Scan the following data for lines with "Continuous" and state how many there are, as a number only.
(Excerpted records Opens)
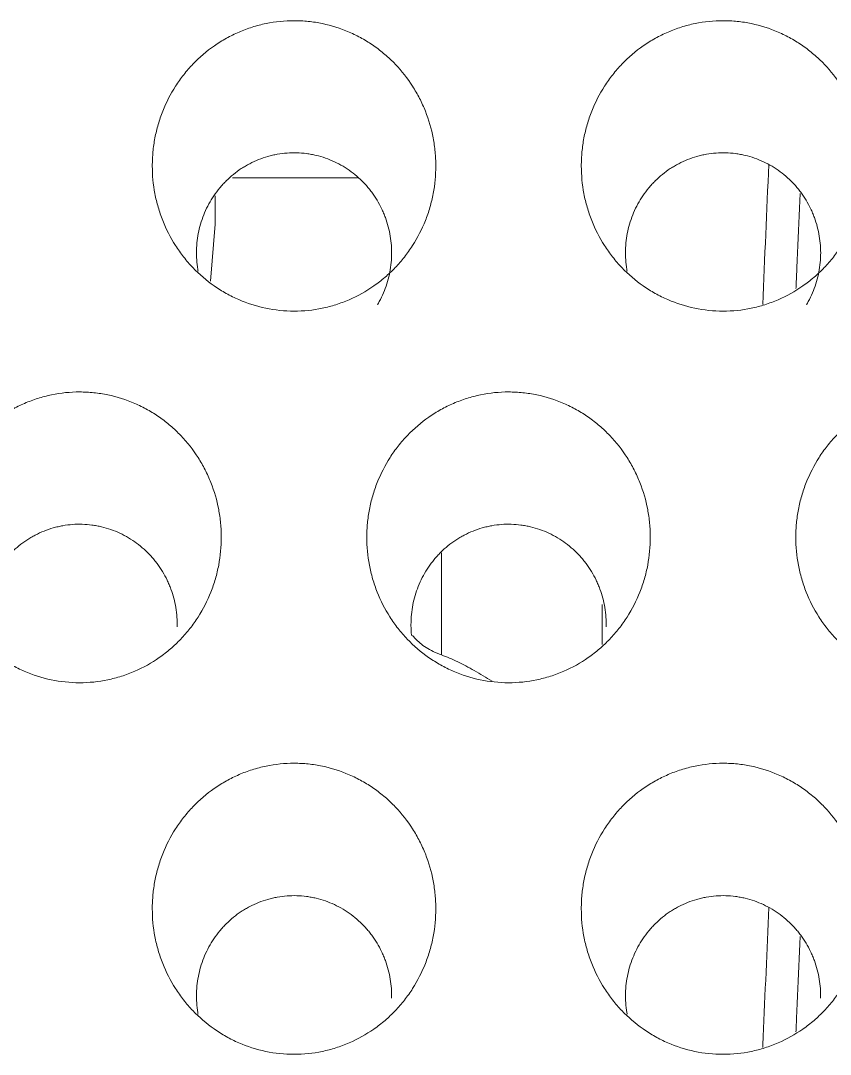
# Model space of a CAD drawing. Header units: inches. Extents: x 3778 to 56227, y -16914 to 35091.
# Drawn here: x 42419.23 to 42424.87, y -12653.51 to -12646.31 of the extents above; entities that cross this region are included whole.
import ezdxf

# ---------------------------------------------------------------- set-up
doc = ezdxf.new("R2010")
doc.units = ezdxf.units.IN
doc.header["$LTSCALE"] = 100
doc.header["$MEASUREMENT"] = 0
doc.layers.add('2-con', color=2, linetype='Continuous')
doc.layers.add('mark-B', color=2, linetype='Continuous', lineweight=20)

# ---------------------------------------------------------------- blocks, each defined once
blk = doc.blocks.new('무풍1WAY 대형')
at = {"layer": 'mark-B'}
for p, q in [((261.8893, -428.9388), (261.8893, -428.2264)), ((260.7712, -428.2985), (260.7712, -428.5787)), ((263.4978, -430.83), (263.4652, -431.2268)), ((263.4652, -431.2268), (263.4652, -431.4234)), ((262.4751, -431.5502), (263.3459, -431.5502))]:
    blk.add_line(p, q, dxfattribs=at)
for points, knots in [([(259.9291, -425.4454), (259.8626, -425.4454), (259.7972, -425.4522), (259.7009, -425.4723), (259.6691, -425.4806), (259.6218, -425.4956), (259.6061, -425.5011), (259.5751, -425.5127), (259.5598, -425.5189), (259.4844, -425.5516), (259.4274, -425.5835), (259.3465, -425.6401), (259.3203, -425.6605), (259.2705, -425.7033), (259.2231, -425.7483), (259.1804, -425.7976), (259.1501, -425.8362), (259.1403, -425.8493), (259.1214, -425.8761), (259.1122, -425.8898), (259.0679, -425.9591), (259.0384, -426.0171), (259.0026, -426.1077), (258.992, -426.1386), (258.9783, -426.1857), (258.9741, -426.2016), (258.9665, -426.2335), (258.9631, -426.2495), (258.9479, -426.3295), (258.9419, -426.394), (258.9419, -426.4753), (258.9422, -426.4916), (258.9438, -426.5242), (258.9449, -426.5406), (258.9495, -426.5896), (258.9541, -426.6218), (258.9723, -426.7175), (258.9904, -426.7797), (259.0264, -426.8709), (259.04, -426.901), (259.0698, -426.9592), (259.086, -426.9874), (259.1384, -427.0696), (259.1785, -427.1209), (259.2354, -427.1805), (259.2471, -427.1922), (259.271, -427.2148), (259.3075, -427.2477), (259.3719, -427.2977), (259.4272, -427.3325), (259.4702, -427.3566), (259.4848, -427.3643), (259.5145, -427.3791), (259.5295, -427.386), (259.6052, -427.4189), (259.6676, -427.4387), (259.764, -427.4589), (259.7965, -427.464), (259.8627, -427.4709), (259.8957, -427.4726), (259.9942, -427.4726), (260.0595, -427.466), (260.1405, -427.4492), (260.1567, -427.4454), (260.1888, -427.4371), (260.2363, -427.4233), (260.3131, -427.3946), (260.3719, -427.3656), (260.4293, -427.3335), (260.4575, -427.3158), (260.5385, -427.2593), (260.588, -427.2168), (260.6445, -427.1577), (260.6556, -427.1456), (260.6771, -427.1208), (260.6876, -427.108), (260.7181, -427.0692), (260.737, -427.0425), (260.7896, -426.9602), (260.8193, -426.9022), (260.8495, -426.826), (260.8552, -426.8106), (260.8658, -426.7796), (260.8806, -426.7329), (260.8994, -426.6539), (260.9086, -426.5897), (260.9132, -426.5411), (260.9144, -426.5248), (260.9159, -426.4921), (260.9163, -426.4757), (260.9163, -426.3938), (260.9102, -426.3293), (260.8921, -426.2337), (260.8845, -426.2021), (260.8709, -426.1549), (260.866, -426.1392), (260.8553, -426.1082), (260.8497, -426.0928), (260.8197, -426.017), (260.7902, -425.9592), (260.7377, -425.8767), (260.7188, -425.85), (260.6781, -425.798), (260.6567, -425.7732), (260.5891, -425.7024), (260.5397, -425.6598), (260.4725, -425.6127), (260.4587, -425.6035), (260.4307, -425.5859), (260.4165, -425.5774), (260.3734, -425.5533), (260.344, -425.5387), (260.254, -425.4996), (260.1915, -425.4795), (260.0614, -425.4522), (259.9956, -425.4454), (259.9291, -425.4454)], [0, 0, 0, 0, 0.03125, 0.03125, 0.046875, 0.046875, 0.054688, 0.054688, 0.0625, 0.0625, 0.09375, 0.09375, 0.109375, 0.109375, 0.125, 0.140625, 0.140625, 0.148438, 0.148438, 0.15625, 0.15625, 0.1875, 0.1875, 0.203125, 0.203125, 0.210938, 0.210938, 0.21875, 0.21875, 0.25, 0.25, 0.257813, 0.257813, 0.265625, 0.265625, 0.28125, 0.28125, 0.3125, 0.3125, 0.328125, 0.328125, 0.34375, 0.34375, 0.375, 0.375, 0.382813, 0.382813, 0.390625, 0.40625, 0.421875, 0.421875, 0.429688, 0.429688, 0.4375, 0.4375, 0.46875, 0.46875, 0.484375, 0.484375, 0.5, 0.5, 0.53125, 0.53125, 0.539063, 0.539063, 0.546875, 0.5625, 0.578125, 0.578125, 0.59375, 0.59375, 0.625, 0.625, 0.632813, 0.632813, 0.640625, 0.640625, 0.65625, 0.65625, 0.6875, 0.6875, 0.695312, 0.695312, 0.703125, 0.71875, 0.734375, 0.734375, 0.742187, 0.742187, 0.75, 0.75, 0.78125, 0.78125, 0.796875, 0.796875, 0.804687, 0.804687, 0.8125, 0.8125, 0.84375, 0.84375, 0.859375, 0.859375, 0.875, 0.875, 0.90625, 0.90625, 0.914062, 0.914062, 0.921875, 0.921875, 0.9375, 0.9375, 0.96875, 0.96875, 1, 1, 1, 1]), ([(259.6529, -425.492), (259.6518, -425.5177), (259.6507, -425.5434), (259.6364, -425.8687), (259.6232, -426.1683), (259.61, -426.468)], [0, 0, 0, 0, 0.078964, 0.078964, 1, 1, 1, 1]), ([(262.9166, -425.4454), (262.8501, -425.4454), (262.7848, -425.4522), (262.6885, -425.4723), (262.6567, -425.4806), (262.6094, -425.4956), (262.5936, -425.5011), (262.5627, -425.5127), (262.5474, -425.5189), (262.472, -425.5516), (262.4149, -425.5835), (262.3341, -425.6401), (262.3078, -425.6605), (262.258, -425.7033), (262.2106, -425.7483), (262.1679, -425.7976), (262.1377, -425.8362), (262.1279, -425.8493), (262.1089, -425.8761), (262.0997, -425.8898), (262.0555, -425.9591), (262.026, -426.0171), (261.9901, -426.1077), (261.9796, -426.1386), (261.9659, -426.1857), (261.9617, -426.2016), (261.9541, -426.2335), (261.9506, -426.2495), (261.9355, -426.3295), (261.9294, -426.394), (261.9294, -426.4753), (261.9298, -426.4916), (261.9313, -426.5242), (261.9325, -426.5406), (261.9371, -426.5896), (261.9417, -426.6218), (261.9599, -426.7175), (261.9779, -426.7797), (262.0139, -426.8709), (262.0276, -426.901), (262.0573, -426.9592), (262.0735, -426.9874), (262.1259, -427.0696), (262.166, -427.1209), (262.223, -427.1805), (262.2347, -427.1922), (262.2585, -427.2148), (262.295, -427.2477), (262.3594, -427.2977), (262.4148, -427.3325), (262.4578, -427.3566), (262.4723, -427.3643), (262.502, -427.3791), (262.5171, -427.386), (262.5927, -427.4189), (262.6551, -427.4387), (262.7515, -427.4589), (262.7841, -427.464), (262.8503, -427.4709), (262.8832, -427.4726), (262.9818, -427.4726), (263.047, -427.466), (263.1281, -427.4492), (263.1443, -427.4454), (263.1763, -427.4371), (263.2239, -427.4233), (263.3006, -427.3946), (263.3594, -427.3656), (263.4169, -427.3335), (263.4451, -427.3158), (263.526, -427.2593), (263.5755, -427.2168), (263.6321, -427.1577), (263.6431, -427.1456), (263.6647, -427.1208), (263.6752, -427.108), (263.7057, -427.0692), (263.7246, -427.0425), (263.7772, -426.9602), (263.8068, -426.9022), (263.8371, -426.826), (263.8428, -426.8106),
(Excerpted records Closes)
■ Result for this exercise: 2